EXERCISE DATA —
<<<<
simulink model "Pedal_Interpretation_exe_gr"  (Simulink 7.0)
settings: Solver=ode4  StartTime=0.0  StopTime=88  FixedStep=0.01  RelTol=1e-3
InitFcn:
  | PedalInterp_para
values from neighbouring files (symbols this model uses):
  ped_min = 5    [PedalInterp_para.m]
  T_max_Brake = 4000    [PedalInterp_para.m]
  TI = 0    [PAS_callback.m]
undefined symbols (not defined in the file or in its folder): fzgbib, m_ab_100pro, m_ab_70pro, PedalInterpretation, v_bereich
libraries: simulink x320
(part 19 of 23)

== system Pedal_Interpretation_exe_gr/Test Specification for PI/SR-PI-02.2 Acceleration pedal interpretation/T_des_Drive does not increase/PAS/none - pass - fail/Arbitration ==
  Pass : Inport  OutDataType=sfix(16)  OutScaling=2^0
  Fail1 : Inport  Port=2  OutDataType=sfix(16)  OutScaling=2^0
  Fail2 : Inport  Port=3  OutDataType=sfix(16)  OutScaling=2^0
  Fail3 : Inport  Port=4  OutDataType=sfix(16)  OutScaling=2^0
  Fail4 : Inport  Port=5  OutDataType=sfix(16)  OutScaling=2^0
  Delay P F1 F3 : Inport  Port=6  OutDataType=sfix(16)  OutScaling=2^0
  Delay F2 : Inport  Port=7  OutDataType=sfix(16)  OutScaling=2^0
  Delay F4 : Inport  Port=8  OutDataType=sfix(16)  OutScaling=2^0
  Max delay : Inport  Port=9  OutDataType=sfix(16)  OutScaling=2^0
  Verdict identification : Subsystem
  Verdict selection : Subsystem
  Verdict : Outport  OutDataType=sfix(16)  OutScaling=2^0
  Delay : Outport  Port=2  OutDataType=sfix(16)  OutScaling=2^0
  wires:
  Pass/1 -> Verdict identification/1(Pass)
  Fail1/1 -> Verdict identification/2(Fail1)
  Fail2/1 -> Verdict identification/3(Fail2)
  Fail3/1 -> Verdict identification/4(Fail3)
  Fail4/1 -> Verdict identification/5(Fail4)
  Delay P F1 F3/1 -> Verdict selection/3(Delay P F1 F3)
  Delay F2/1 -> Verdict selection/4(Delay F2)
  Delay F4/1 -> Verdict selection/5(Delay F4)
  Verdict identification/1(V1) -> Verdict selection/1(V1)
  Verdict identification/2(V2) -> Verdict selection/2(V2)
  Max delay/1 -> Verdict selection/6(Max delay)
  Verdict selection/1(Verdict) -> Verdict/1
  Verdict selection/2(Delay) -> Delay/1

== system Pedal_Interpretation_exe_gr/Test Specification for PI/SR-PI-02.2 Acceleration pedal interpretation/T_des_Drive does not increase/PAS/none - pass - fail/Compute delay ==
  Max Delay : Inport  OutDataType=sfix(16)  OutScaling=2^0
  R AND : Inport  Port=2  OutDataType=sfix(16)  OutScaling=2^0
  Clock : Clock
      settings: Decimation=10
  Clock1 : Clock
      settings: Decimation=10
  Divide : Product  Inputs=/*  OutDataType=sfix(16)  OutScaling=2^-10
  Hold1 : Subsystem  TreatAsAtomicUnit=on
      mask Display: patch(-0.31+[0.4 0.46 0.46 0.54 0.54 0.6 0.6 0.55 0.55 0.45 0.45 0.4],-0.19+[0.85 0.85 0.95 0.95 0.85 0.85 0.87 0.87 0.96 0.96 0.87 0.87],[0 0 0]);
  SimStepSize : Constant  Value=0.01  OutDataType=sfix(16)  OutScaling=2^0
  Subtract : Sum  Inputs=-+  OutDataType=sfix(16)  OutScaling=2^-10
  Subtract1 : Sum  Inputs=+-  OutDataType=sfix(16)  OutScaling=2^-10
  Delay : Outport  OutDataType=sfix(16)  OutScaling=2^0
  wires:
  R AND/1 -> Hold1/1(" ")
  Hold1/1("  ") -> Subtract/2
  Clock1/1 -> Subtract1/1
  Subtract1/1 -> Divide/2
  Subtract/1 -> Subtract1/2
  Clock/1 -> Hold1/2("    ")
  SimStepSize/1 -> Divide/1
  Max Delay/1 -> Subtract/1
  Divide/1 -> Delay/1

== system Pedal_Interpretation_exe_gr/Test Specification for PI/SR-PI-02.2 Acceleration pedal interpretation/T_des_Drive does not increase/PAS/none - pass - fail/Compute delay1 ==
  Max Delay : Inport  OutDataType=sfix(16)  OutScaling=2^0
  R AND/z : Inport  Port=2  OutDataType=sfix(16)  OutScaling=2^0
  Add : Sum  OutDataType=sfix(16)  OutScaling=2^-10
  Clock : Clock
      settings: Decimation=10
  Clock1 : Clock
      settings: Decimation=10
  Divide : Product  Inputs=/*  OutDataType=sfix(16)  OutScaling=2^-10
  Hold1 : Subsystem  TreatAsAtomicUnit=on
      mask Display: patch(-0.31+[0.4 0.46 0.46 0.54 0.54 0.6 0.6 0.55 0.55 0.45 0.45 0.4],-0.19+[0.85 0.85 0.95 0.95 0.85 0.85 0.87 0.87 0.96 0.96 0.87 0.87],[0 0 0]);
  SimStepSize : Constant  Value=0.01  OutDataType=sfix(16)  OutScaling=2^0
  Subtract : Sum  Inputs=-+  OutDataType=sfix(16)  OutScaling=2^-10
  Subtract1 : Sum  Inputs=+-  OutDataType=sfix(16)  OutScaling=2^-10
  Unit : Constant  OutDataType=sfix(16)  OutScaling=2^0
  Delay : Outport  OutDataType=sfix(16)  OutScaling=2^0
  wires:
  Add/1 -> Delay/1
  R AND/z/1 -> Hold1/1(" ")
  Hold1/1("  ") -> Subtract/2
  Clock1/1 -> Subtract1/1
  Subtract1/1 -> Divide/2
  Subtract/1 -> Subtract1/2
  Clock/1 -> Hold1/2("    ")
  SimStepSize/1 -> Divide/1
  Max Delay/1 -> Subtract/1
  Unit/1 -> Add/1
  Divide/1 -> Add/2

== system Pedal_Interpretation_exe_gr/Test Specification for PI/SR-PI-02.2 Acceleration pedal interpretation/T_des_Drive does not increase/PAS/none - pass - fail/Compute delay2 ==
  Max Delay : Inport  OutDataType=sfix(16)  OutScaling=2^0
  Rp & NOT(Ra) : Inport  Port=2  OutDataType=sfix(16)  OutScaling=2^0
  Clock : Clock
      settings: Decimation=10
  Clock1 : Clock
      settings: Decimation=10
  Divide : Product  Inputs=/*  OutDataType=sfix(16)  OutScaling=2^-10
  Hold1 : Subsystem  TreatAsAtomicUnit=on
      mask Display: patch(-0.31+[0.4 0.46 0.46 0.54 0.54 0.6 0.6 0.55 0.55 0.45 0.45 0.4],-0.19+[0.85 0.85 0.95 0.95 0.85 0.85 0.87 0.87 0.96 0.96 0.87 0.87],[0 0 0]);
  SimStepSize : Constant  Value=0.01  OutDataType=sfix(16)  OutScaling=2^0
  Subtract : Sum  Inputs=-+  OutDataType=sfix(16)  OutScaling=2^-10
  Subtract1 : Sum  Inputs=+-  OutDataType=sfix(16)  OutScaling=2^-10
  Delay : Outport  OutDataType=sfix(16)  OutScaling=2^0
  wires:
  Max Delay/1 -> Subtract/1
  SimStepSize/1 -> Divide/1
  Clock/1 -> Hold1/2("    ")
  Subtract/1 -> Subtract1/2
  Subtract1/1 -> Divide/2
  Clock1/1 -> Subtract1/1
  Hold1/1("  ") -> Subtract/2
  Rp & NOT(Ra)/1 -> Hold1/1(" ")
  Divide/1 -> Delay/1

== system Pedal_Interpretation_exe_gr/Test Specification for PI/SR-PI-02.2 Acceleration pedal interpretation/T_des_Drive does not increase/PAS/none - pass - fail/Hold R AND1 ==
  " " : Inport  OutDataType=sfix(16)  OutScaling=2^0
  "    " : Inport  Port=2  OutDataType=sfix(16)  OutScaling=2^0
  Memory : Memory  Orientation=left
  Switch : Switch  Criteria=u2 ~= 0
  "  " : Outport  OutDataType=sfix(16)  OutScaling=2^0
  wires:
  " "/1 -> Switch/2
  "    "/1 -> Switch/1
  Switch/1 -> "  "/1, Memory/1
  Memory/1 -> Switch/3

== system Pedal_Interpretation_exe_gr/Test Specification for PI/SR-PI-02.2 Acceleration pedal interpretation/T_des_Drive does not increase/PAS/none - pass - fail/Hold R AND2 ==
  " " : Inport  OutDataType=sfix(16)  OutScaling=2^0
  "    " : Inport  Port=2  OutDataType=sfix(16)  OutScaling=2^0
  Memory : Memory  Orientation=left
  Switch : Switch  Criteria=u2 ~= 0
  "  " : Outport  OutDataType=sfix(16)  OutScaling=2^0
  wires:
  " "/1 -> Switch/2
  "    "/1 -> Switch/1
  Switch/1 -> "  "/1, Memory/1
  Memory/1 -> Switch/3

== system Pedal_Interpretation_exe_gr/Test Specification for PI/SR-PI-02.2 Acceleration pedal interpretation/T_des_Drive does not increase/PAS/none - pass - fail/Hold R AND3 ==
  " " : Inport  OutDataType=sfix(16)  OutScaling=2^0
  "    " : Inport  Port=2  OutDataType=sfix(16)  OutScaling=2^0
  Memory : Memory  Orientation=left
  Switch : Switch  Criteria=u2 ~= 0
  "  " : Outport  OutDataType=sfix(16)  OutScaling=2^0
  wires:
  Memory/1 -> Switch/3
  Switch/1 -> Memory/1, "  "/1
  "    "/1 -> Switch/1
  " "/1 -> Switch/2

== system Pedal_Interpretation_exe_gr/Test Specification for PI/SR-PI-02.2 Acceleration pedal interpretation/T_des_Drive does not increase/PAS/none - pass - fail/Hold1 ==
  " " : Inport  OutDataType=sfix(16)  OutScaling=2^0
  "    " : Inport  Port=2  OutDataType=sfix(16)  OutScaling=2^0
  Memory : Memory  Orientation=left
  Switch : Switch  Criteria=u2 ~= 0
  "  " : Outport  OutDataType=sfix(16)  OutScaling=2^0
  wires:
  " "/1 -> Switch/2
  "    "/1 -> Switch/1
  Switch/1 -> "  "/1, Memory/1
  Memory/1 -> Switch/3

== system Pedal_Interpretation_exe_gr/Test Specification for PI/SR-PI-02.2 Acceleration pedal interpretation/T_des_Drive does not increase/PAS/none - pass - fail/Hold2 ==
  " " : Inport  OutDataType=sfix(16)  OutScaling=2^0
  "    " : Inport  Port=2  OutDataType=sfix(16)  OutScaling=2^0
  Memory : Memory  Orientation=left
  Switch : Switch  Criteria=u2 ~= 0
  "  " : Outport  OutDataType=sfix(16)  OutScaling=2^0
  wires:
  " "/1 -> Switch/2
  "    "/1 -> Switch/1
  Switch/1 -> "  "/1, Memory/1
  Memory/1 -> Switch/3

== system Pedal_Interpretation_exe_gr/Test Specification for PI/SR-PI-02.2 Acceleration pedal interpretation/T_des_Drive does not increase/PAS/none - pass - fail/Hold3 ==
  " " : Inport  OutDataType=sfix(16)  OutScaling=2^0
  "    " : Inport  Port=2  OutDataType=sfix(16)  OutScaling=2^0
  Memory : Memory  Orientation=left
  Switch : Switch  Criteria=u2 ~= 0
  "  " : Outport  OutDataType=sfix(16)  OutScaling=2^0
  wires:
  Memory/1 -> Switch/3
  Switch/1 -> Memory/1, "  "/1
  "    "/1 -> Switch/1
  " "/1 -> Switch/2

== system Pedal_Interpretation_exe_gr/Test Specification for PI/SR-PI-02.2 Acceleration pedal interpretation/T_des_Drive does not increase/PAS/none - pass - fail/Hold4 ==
>>>>
WORK TASK — Every line above with the string "identification" in it should be copied into the answer.

COMPLETED TASK —
  Verdict identification : Subsystem
  Pass/1 -> Verdict identification/1(Pass)
  Fail1/1 -> Verdict identification/2(Fail1)
  Fail2/1 -> Verdict identification/3(Fail2)
  Fail3/1 -> Verdict identification/4(Fail3)
  Fail4/1 -> Verdict identification/5(Fail4)
  Verdict identification/1(V1) -> Verdict selection/1(V1)
  Verdict identification/2(V2) -> Verdict selection/2(V2)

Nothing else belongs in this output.